# Sargent Thursday 9-4-14



## fubarredz (Apr 28, 2012)

Fished sargent yesterday from sun up till 1 pm in my honey hole ever since I started fishing there in February tore the bulls up, we boxed 4 keepers and 22 bulls all over 40" the longest being 43 1/4" and one spinner shark about 40". Was an was one day surf was pretty rough but it produced some really good fish! Took one of my best friends and his older brother they've never cought big fish in the salt water before well I broke them in proper. Sorry I don't have any pics my buddy's brother took all the pics and I don't have them yet! I'll post up some pics and more of a report then!!!!!!!!!!!!!!!!!!!!


----------



## DANO (May 23, 2005)

Come on with the Pictures,.....

Glad to hear ya'll tore them up.


----------



## jaysmith77573 (Jul 6, 2014)

About how far out were you fishing and what type of bait were you using?


----------



## fubarredz (Apr 28, 2012)

Around 150ish yards off the beach, water was all the way up to the dunes. cut mullet was the ticket all day long. picked up jumb shrimp and a couple live crab at Festa and never got a hit on any of them just on the mullet, and I only say cut mullet cause the only sized mullet I cought was all over 10".


----------



## jaysmith77573 (Jul 6, 2014)

Thanks for the info.
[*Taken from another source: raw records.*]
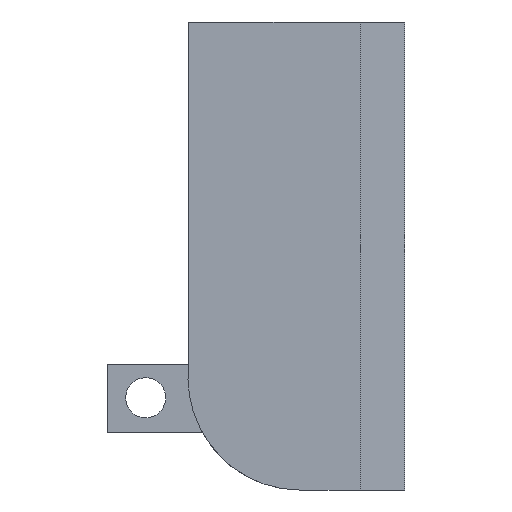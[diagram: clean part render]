
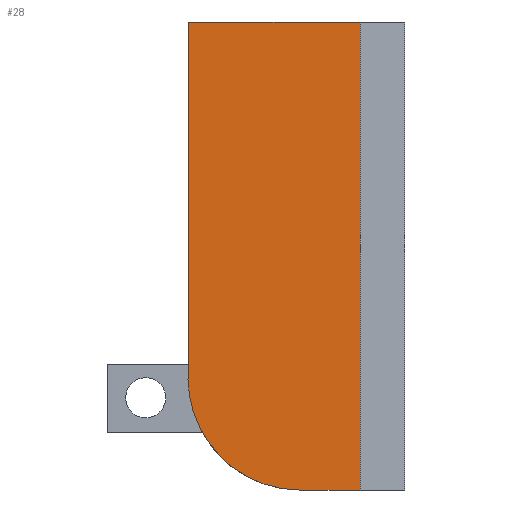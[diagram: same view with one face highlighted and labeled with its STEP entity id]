
A CAD part, front view. The second image highlights one B-rep face of the part: STEP entity #28.
In plain terms, the highlighted planar face has unit normal (0, -1, 0).
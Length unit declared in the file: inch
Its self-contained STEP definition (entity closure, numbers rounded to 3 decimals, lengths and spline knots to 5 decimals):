
#6 = EDGE_CURVE ( 'NONE', #708, #673, #761, .T. ) ;
#18 = FACE_OUTER_BOUND ( 'NONE', #426, .T. ) ;
#28 = ADVANCED_FACE ( 'NONE', ( #18 ), #343, .T. ) ;
#51 = LINE ( 'NONE', #188, #557 ) ;
#53 = ORIENTED_EDGE ( 'NONE', *, *, #211, .F. ) ;
#78 = CARTESIAN_POINT ( 'NONE',  ( 1.16, 0., 0. ) ) ;
#82 = EDGE_CURVE ( 'NONE', #731, #449, #51, .T. ) ;
#84 = ORIENTED_EDGE ( 'NONE', *, *, #719, .T. ) ;
#97 = ORIENTED_EDGE ( 'NONE', *, *, #82, .T. ) ;
#147 = DIRECTION ( 'NONE',  ( 0., -1., 0. ) ) ;
#154 = DIRECTION ( 'NONE',  ( 0., -1., 0. ) ) ;
#164 = CARTESIAN_POINT ( 'NONE',  ( 0., 0., 0. ) ) ;
#188 = CARTESIAN_POINT ( 'NONE',  ( 0., 0., -4.33877 ) ) ;
#207 = CARTESIAN_POINT ( 'NONE',  ( 0., 0., -6.65 ) ) ;
#208 = LINE ( 'NONE', #224, #488 ) ;
#211 = EDGE_CURVE ( 'NONE', #744, #449, #208, .T. ) ;
#219 = CARTESIAN_POINT ( 'NONE',  ( 0.75, 0., -6.75 ) ) ;
#224 = CARTESIAN_POINT ( 'NONE',  ( 0., 0., 0. ) ) ;
#236 = VERTEX_POINT ( 'NONE', #468 ) ;
#243 = CIRCLE ( 'NONE', #741, 0.75 ) ;
#263 = AXIS2_PLACEMENT_3D ( 'NONE', #688, #147, #325 ) ;
#282 = CARTESIAN_POINT ( 'NONE',  ( 0., 0., -7.5 ) ) ;
#289 = DIRECTION ( 'NONE',  ( 0., -1., 0. ) ) ;
#311 = VECTOR ( 'NONE', #502, 39.37008 ) ;
#325 = DIRECTION ( 'NONE',  ( 0., 0., -1. ) ) ;
#340 = DIRECTION ( 'NONE',  ( -1., 0., 0. ) ) ;
#343 = PLANE ( 'NONE',  #406 ) ;
#355 = CARTESIAN_POINT ( 'NONE',  ( 0.75, 0., -7.5 ) ) ;
#376 = CARTESIAN_POINT ( 'NONE',  ( 1.16, 0., -4.33877 ) ) ;
#384 = CARTESIAN_POINT ( 'NONE',  ( 0., 0., -4.33877 ) ) ;
#406 = AXIS2_PLACEMENT_3D ( 'NONE', #164, #154, #462 ) ;
#413 = DIRECTION ( 'NONE',  ( 0., 0., -1. ) ) ;
#426 = EDGE_LOOP ( 'NONE', ( #649, #97, #53, #84, #500, #713 ) ) ;
#449 = VERTEX_POINT ( 'NONE', #384 ) ;
#450 = CIRCLE ( 'NONE', #263, 0.76722 ) ;
#462 = DIRECTION ( 'NONE',  ( 0., 0., -1. ) ) ;
#467 = EDGE_CURVE ( 'NONE', #236, #673, #243, .T. ) ;
#468 = CARTESIAN_POINT ( 'NONE',  ( 0.06707, 0., -7.06 ) ) ;
#488 = VECTOR ( 'NONE', #533, 39.37008 ) ;
#500 = ORIENTED_EDGE ( 'NONE', *, *, #467, .T. ) ;
#502 = DIRECTION ( 'NONE',  ( 0., 0., 1. ) ) ;
#533 = DIRECTION ( 'NONE',  ( 0., 0., 1. ) ) ;
#557 = VECTOR ( 'NONE', #617, 39.37008 ) ;
#596 = VECTOR ( 'NONE', #340, 39.37008 ) ;
#617 = DIRECTION ( 'NONE',  ( -1., 0., 0. ) ) ;
#638 = LINE ( 'NONE', #78, #311 ) ;
#649 = ORIENTED_EDGE ( 'NONE', *, *, #763, .T. ) ;
#671 = CARTESIAN_POINT ( 'NONE',  ( 1.16, 0., -7.5 ) ) ;
#673 = VERTEX_POINT ( 'NONE', #355 ) ;
#688 = CARTESIAN_POINT ( 'NONE',  ( 0.76241, 0., -6.73577 ) ) ;
#708 = VERTEX_POINT ( 'NONE', #671 ) ;
#713 = ORIENTED_EDGE ( 'NONE', *, *, #6, .F. ) ;
#719 = EDGE_CURVE ( 'NONE', #744, #236, #450, .T. ) ;
#731 = VERTEX_POINT ( 'NONE', #376 ) ;
#741 = AXIS2_PLACEMENT_3D ( 'NONE', #219, #289, #413 ) ;
#744 = VERTEX_POINT ( 'NONE', #207 ) ;
#761 = LINE ( 'NONE', #282, #596 ) ;
#763 = EDGE_CURVE ( 'NONE', #708, #731, #638, .T. ) ;
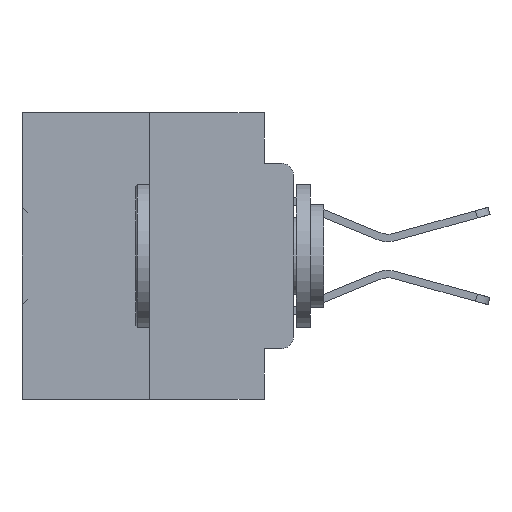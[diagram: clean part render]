
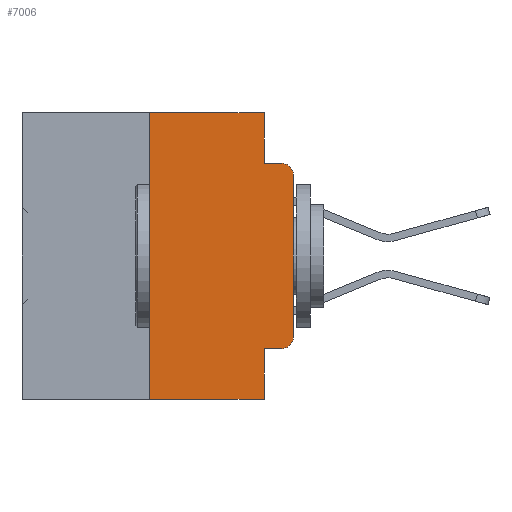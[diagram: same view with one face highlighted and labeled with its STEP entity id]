
A CAD part, left-side view. The second image highlights one B-rep face of the part: STEP entity #7006.
In plain terms, the highlighted planar face has unit normal (-1, 0, 0).
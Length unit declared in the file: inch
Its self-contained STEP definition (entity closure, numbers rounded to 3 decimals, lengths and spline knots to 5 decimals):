
#1232 = DIRECTION ( 'NONE',  ( -1., 0., 0. ) ) ;
#2001 = PLANE ( 'NONE',  #21662 ) ;
#2840 = ORIENTED_EDGE ( 'NONE', *, *, #24753, .F. ) ;
#2893 = VECTOR ( 'NONE', #13704, 39.37008 ) ;
#3614 = EDGE_CURVE ( 'NONE', #26094, #14352, #36527, .T. ) ;
#3734 = CARTESIAN_POINT ( 'NONE',  ( 0., 0., -0.3915 ) ) ;
#3738 = ORIENTED_EDGE ( 'NONE', *, *, #3614, .T. ) ;
#4179 = EDGE_LOOP ( 'NONE', ( #3738, #6575, #37902, #4274, #22372, #38389, #32332, #2840, #25737, #10480 ) ) ;
#4274 = ORIENTED_EDGE ( 'NONE', *, *, #28862, .F. ) ;
#4302 = VECTOR ( 'NONE', #25124, 39.37008 ) ;
#4492 = VECTOR ( 'NONE', #5450, 39.37008 ) ;
#5100 = DIRECTION ( 'NONE',  ( 1., 0., 0. ) ) ;
#5200 = LINE ( 'NONE', #33342, #21384 ) ;
#5450 = DIRECTION ( 'NONE',  ( 0., 0., -1. ) ) ;
#6575 = ORIENTED_EDGE ( 'NONE', *, *, #38858, .T. ) ;
#7006 = ADVANCED_FACE ( 'NONE', ( #22919 ), #2001, .F. ) ;
#7081 = DIRECTION ( 'NONE',  ( 0., -1., 0. ) ) ;
#7185 = CIRCLE ( 'NONE', #38840, 0.02 ) ;
#7582 = CARTESIAN_POINT ( 'NONE',  ( 0., 0.051, -0.4115 ) ) ;
#8230 = EDGE_CURVE ( 'NONE', #11581, #29714, #5200, .T. ) ;
#8500 = CARTESIAN_POINT ( 'NONE',  ( 0., 0.051, 0. ) ) ;
#9169 = DIRECTION ( 'NONE',  ( 0., -1., 0. ) ) ;
#10480 = ORIENTED_EDGE ( 'NONE', *, *, #18583, .T. ) ;
#11103 = CARTESIAN_POINT ( 'NONE',  ( 0., 0.473, 0. ) ) ;
#11581 = VERTEX_POINT ( 'NONE', #13945 ) ;
#11947 = LINE ( 'NONE', #34917, #2893 ) ;
#12742 = CARTESIAN_POINT ( 'NONE',  ( 0., 0.25, 0. ) ) ;
#13704 = DIRECTION ( 'NONE',  ( 0., 0., -1. ) ) ;
#13945 = CARTESIAN_POINT ( 'NONE',  ( 0., 0.25, -0.5 ) ) ;
#14125 = CARTESIAN_POINT ( 'NONE',  ( 0., 0.473, 0. ) ) ;
#14258 = DIRECTION ( 'NONE',  ( 0., -1., 0. ) ) ;
#14352 = VERTEX_POINT ( 'NONE', #22963 ) ;
#16508 = LINE ( 'NONE', #28384, #26568 ) ;
#16583 = CARTESIAN_POINT ( 'NONE',  ( 0., 0.02, -0.3915 ) ) ;
#16843 = VECTOR ( 'NONE', #17150, 39.37008 ) ;
#16909 = VERTEX_POINT ( 'NONE', #29658 ) ;
#17150 = DIRECTION ( 'NONE',  ( 0., -1., 0. ) ) ;
#18002 = VECTOR ( 'NONE', #14258, 39.37008 ) ;
#18583 = EDGE_CURVE ( 'NONE', #34264, #26094, #7185, .T. ) ;
#19077 = CARTESIAN_POINT ( 'NONE',  ( 0., 0.051, 0. ) ) ;
#19472 = CARTESIAN_POINT ( 'NONE',  ( 0., 0.02, -0.1085 ) ) ;
#19687 = DIRECTION ( 'NONE',  ( 0., 0., -1. ) ) ;
#20699 = EDGE_CURVE ( 'NONE', #21467, #34264, #16508, .T. ) ;
#21384 = VECTOR ( 'NONE', #9169, 39.37008 ) ;
#21467 = VERTEX_POINT ( 'NONE', #7582 ) ;
#21662 = AXIS2_PLACEMENT_3D ( 'NONE', #14125, #5100, #26383 ) ;
#22271 = EDGE_CURVE ( 'NONE', #29210, #34703, #24041, .T. ) ;
#22372 = ORIENTED_EDGE ( 'NONE', *, *, #22271, .F. ) ;
#22580 = DIRECTION ( 'NONE',  ( 0., 0., -1. ) ) ;
#22775 = CARTESIAN_POINT ( 'NONE',  ( 0., 0.02, -0.0885 ) ) ;
#22919 = FACE_OUTER_BOUND ( 'NONE', #4179, .T. ) ;
#22963 = CARTESIAN_POINT ( 'NONE',  ( 0., 0., -0.1085 ) ) ;
#23239 = LINE ( 'NONE', #28287, #32239 ) ;
#24041 = LINE ( 'NONE', #11103, #16843 ) ;
#24753 = EDGE_CURVE ( 'NONE', #21467, #29714, #11947, .T. ) ;
#25124 = DIRECTION ( 'NONE',  ( 0., 0., 1. ) ) ;
#25737 = ORIENTED_EDGE ( 'NONE', *, *, #20699, .T. ) ;
#26094 = VERTEX_POINT ( 'NONE', #3734 ) ;
#26173 = LINE ( 'NONE', #29441, #18002 ) ;
#26383 = DIRECTION ( 'NONE',  ( 0., 0., -1. ) ) ;
#26568 = VECTOR ( 'NONE', #7081, 39.37008 ) ;
#26803 = EDGE_CURVE ( 'NONE', #11581, #29210, #23239, .T. ) ;
#27458 = CARTESIAN_POINT ( 'NONE',  ( 0., 0.051, -0.5 ) ) ;
#27553 = AXIS2_PLACEMENT_3D ( 'NONE', #19472, #1232, #22580 ) ;
#28214 = VERTEX_POINT ( 'NONE', #22775 ) ;
#28287 = CARTESIAN_POINT ( 'NONE',  ( 0., 0.25, 0. ) ) ;
#28384 = CARTESIAN_POINT ( 'NONE',  ( 0., 0.051, -0.4115 ) ) ;
#28777 = LINE ( 'NONE', #8500, #4492 ) ;
#28862 = EDGE_CURVE ( 'NONE', #34703, #16909, #28777, .T. ) ;
#29210 = VERTEX_POINT ( 'NONE', #12742 ) ;
#29441 = CARTESIAN_POINT ( 'NONE',  ( 0., 0.051, -0.0885 ) ) ;
#29658 = CARTESIAN_POINT ( 'NONE',  ( 0., 0.051, -0.0885 ) ) ;
#29714 = VERTEX_POINT ( 'NONE', #27458 ) ;
#32239 = VECTOR ( 'NONE', #37183, 39.37008 ) ;
#32332 = ORIENTED_EDGE ( 'NONE', *, *, #8230, .T. ) ;
#32875 = EDGE_CURVE ( 'NONE', #16909, #28214, #26173, .T. ) ;
#33342 = CARTESIAN_POINT ( 'NONE',  ( 0., 0.473, -0.5 ) ) ;
#34264 = VERTEX_POINT ( 'NONE', #35866 ) ;
#34703 = VERTEX_POINT ( 'NONE', #19077 ) ;
#34917 = CARTESIAN_POINT ( 'NONE',  ( 0., 0.051, 0. ) ) ;
#35812 = CARTESIAN_POINT ( 'NONE',  ( 0., 0., 0. ) ) ;
#35866 = CARTESIAN_POINT ( 'NONE',  ( 0., 0.02, -0.4115 ) ) ;
#36527 = LINE ( 'NONE', #35812, #4302 ) ;
#37183 = DIRECTION ( 'NONE',  ( 0., 0., 1. ) ) ;
#37785 = DIRECTION ( 'NONE',  ( -1., 0., 0. ) ) ;
#37902 = ORIENTED_EDGE ( 'NONE', *, *, #32875, .F. ) ;
#38389 = ORIENTED_EDGE ( 'NONE', *, *, #26803, .F. ) ;
#38515 = CIRCLE ( 'NONE', #27553, 0.02 ) ;
#38840 = AXIS2_PLACEMENT_3D ( 'NONE', #16583, #37785, #19687 ) ;
#38858 = EDGE_CURVE ( 'NONE', #14352, #28214, #38515, .T. ) ;
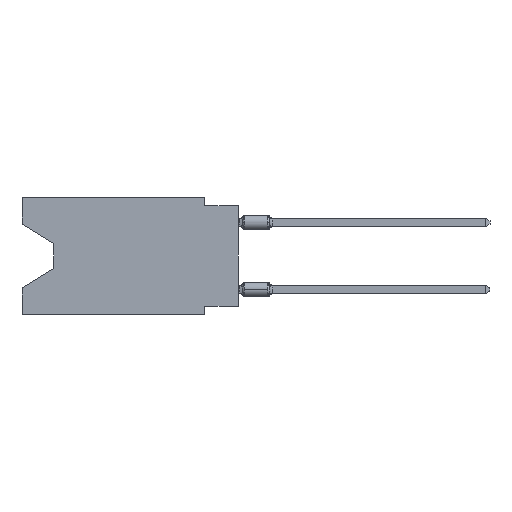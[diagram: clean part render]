
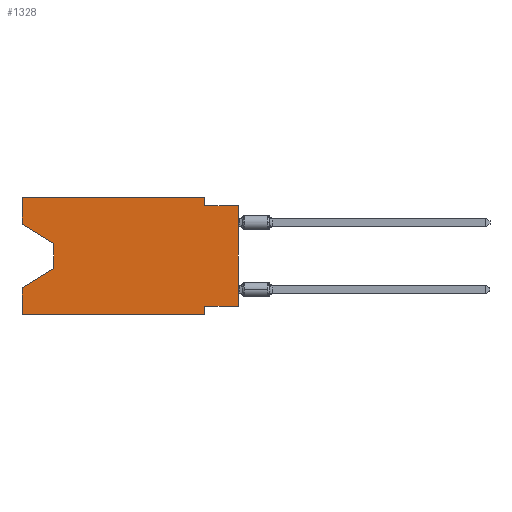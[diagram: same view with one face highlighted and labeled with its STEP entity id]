
A CAD part, left-side view. The second image highlights one B-rep face of the part: STEP entity #1328.
In plain terms, the highlighted planar face has unit normal (-1, 0, 0).
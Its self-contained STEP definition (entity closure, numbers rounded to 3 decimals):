
#45 = VERTEX_POINT ( 'NONE', #338 ) ;
#100 = DIRECTION ( 'NONE',  ( 0., -1., 0. ) ) ;
#248 = LINE ( 'NONE', #5422, #2537 ) ;
#338 = CARTESIAN_POINT ( 'NONE',  ( 0., 2.54, -8.255 ) ) ;
#410 = VECTOR ( 'NONE', #100, 1000. ) ;
#673 = CARTESIAN_POINT ( 'NONE',  ( 0., 16.383, -2.038 ) ) ;
#684 = CARTESIAN_POINT ( 'NONE',  ( 0., 0., -8.255 ) ) ;
#815 = EDGE_LOOP ( 'NONE', ( #3507, #5501, #7798, #4720, #7987, #5977, #10420, #4431, #6189, #8218, #967, #5972 ) ) ;
#967 = ORIENTED_EDGE ( 'NONE', *, *, #16442, .F. ) ;
#1163 = VERTEX_POINT ( 'NONE', #7871 ) ;
#1328 = ADVANCED_FACE ( 'NONE', ( #3514 ), #13554, .F. ) ;
#1476 = DIRECTION ( 'NONE',  ( 0., 0., 1. ) ) ;
#1825 = CARTESIAN_POINT ( 'NONE',  ( 0., 16.383, 0. ) ) ;
#2212 = EDGE_CURVE ( 'NONE', #13961, #45, #12573, .T. ) ;
#2537 = VECTOR ( 'NONE', #12993, 1000. ) ;
#2648 = LINE ( 'NONE', #7817, #410 ) ;
#2717 = CARTESIAN_POINT ( 'NONE',  ( 0., 13.97, -5.385 ) ) ;
#2882 = VERTEX_POINT ( 'NONE', #5814 ) ;
#2965 = LINE ( 'NONE', #673, #8342 ) ;
#3246 = VECTOR ( 'NONE', #10003, 1000. ) ;
#3507 = ORIENTED_EDGE ( 'NONE', *, *, #10527, .T. ) ;
#3514 = FACE_OUTER_BOUND ( 'NONE', #815, .T. ) ;
#3583 = CARTESIAN_POINT ( 'NONE',  ( 0., 13.97, -3.505 ) ) ;
#3792 = LINE ( 'NONE', #7683, #4371 ) ;
#3897 = CARTESIAN_POINT ( 'NONE',  ( 0., 2.54, -8.89 ) ) ;
#4224 = VECTOR ( 'NONE', #4999, 1000. ) ;
#4371 = VECTOR ( 'NONE', #12882, 1000. ) ;
#4431 = ORIENTED_EDGE ( 'NONE', *, *, #8381, .T. ) ;
#4694 = DIRECTION ( 'NONE',  ( 0., 0., -1. ) ) ;
#4720 = ORIENTED_EDGE ( 'NONE', *, *, #10395, .F. ) ;
#4831 = CARTESIAN_POINT ( 'NONE',  ( 0., 16.383, -2.038 ) ) ;
#4999 = DIRECTION ( 'NONE',  ( 0., -1., 0. ) ) ;
#5315 = LINE ( 'NONE', #9217, #13439 ) ;
#5422 = CARTESIAN_POINT ( 'NONE',  ( 0., 16.383, 0. ) ) ;
#5501 = ORIENTED_EDGE ( 'NONE', *, *, #8585, .T. ) ;
#5814 = CARTESIAN_POINT ( 'NONE',  ( 0., 0., -0.635 ) ) ;
#5972 = ORIENTED_EDGE ( 'NONE', *, *, #15399, .F. ) ;
#5977 = ORIENTED_EDGE ( 'NONE', *, *, #12497, .F. ) ;
#6024 = DIRECTION ( 'NONE',  ( 0., 1., 0. ) ) ;
#6189 = ORIENTED_EDGE ( 'NONE', *, *, #12530, .F. ) ;
#6467 = CARTESIAN_POINT ( 'NONE',  ( 0., 2.54, -0.635 ) ) ;
#6513 = VERTEX_POINT ( 'NONE', #6467 ) ;
#6700 = DIRECTION ( 'NONE',  ( 0., 0., 1. ) ) ;
#6714 = CARTESIAN_POINT ( 'NONE',  ( 0., 13.97, -3.505 ) ) ;
#6792 = EDGE_CURVE ( 'NONE', #11567, #10671, #16308, .T. ) ;
#6892 = VECTOR ( 'NONE', #1476, 1000. ) ;
#7683 = CARTESIAN_POINT ( 'NONE',  ( 0., 16.383, 0. ) ) ;
#7798 = ORIENTED_EDGE ( 'NONE', *, *, #6792, .T. ) ;
#7817 = CARTESIAN_POINT ( 'NONE',  ( 0., 16.383, -8.89 ) ) ;
#7871 = CARTESIAN_POINT ( 'NONE',  ( 0., 2.54, 0. ) ) ;
#7987 = ORIENTED_EDGE ( 'NONE', *, *, #8811, .T. ) ;
#8218 = ORIENTED_EDGE ( 'NONE', *, *, #14186, .F. ) ;
#8342 = VECTOR ( 'NONE', #9502, 1000. ) ;
#8381 = EDGE_CURVE ( 'NONE', #13961, #2882, #11674, .T. ) ;
#8585 = EDGE_CURVE ( 'NONE', #15030, #11567, #12433, .T. ) ;
#8811 = EDGE_CURVE ( 'NONE', #10698, #13271, #2648, .T. ) ;
#8855 = CARTESIAN_POINT ( 'NONE',  ( 0., 2.54, -8.89 ) ) ;
#9151 = DIRECTION ( 'NONE',  ( 0., 0., -1. ) ) ;
#9217 = CARTESIAN_POINT ( 'NONE',  ( 0., 2.54, 0. ) ) ;
#9502 = DIRECTION ( 'NONE',  ( 0., -0.855, -0.519 ) ) ;
#10003 = DIRECTION ( 'NONE',  ( 0., 0.855, -0.519 ) ) ;
#10269 = CARTESIAN_POINT ( 'NONE',  ( 0., 0., -8.255 ) ) ;
#10395 = EDGE_CURVE ( 'NONE', #10698, #10671, #12914, .T. ) ;
#10420 = ORIENTED_EDGE ( 'NONE', *, *, #2212, .F. ) ;
#10527 = EDGE_CURVE ( 'NONE', #11864, #15030, #2965, .T. ) ;
#10671 = VERTEX_POINT ( 'NONE', #16632 ) ;
#10698 = VERTEX_POINT ( 'NONE', #12646 ) ;
#11015 = AXIS2_PLACEMENT_3D ( 'NONE', #1825, #12531, #16107 ) ;
#11117 = CARTESIAN_POINT ( 'NONE',  ( 0., 13.97, -5.385 ) ) ;
#11567 = VERTEX_POINT ( 'NONE', #2717 ) ;
#11674 = LINE ( 'NONE', #13199, #6892 ) ;
#11785 = VECTOR ( 'NONE', #4694, 1000. ) ;
#11829 = VECTOR ( 'NONE', #9151, 1000. ) ;
#11864 = VERTEX_POINT ( 'NONE', #4831 ) ;
#11943 = DIRECTION ( 'NONE',  ( 0., 0., -1. ) ) ;
#12099 = VECTOR ( 'NONE', #6024, 1000. ) ;
#12433 = LINE ( 'NONE', #3583, #11785 ) ;
#12497 = EDGE_CURVE ( 'NONE', #45, #13271, #16558, .T. ) ;
#12530 = EDGE_CURVE ( 'NONE', #6513, #2882, #16638, .T. ) ;
#12531 = DIRECTION ( 'NONE',  ( 1., 0., 0. ) ) ;
#12573 = LINE ( 'NONE', #10269, #12099 ) ;
#12646 = CARTESIAN_POINT ( 'NONE',  ( 0., 16.383, -8.89 ) ) ;
#12713 = CARTESIAN_POINT ( 'NONE',  ( 0., 16.383, 0. ) ) ;
#12882 = DIRECTION ( 'NONE',  ( 0., -1., 0. ) ) ;
#12914 = LINE ( 'NONE', #15717, #15420 ) ;
#12993 = DIRECTION ( 'NONE',  ( 0., 0., 1. ) ) ;
#13199 = CARTESIAN_POINT ( 'NONE',  ( 0., 0., 0. ) ) ;
#13271 = VERTEX_POINT ( 'NONE', #8855 ) ;
#13439 = VECTOR ( 'NONE', #11943, 1000. ) ;
#13554 = PLANE ( 'NONE',  #11015 ) ;
#13961 = VERTEX_POINT ( 'NONE', #684 ) ;
#14186 = EDGE_CURVE ( 'NONE', #1163, #6513, #5315, .T. ) ;
#15030 = VERTEX_POINT ( 'NONE', #6714 ) ;
#15399 = EDGE_CURVE ( 'NONE', #11864, #16446, #248, .T. ) ;
#15420 = VECTOR ( 'NONE', #6700, 1000. ) ;
#15717 = CARTESIAN_POINT ( 'NONE',  ( 0., 16.383, 0. ) ) ;
#16107 = DIRECTION ( 'NONE',  ( 0., 0., -1. ) ) ;
#16308 = LINE ( 'NONE', #11117, #3246 ) ;
#16442 = EDGE_CURVE ( 'NONE', #16446, #1163, #3792, .T. ) ;
#16446 = VERTEX_POINT ( 'NONE', #12713 ) ;
#16558 = LINE ( 'NONE', #3897, #11829 ) ;
#16632 = CARTESIAN_POINT ( 'NONE',  ( 0., 16.383, -6.852 ) ) ;
#16638 = LINE ( 'NONE', #16727, #4224 ) ;
#16727 = CARTESIAN_POINT ( 'NONE',  ( 0., 0., -0.635 ) ) ;

I've been trying to improve my skill since i usually only manage to catch hard heads and various other fish I'm not targeting but i'm still pretty new to fishing.


----------



## fubarredz (Apr 28, 2012)

*No problem*

No problem glad to help anytime I can!


----------



## fubarredz (Apr 28, 2012)

*some pictures*

Here are a few pictures.


----------



## fubarredz (Apr 28, 2012)

*more pictures from the day*

Here are some more pictures from the day


----------



## fubarredz (Apr 28, 2012)

*Even more pics*

Even more pictures


----------



## fubarredz (Apr 28, 2012)

*Even More*

Even More


----------



## fubarredz (Apr 28, 2012)

*Camera Guy Having Fun*

The Camera Guy Having Fun. He Started Drinking at like 4am when I picked him up. LOL........


----------



## sharkchum (Feb 10, 2012)

Nice job


----------



## fubarredz (Apr 28, 2012)

Tony in the orange shirt caught his first slot red was 22" and his first Bullred 43" 36lbs. if I remember correctly I'm sure he will correct me on here pretty quickly..... Lol.... Thought the camera guy got more fish pictures but I guess not. maybe I can find some more on my phone or Tony's


----------



## fubarredz (Apr 28, 2012)

*Found More*

Mound More Pictures


----------



## fubarredz (Apr 28, 2012)

Found another Bullred Tony caught, Jason's first Slot Red, Another Bullred I caught. Got some pics of mine and Jason's Double hookup. Tony did good on those last few pics of me and Jason. Oh and Jason's Bull was bigger than mine by and inch.


----------



## DANO (May 23, 2005)

Cool !!


----------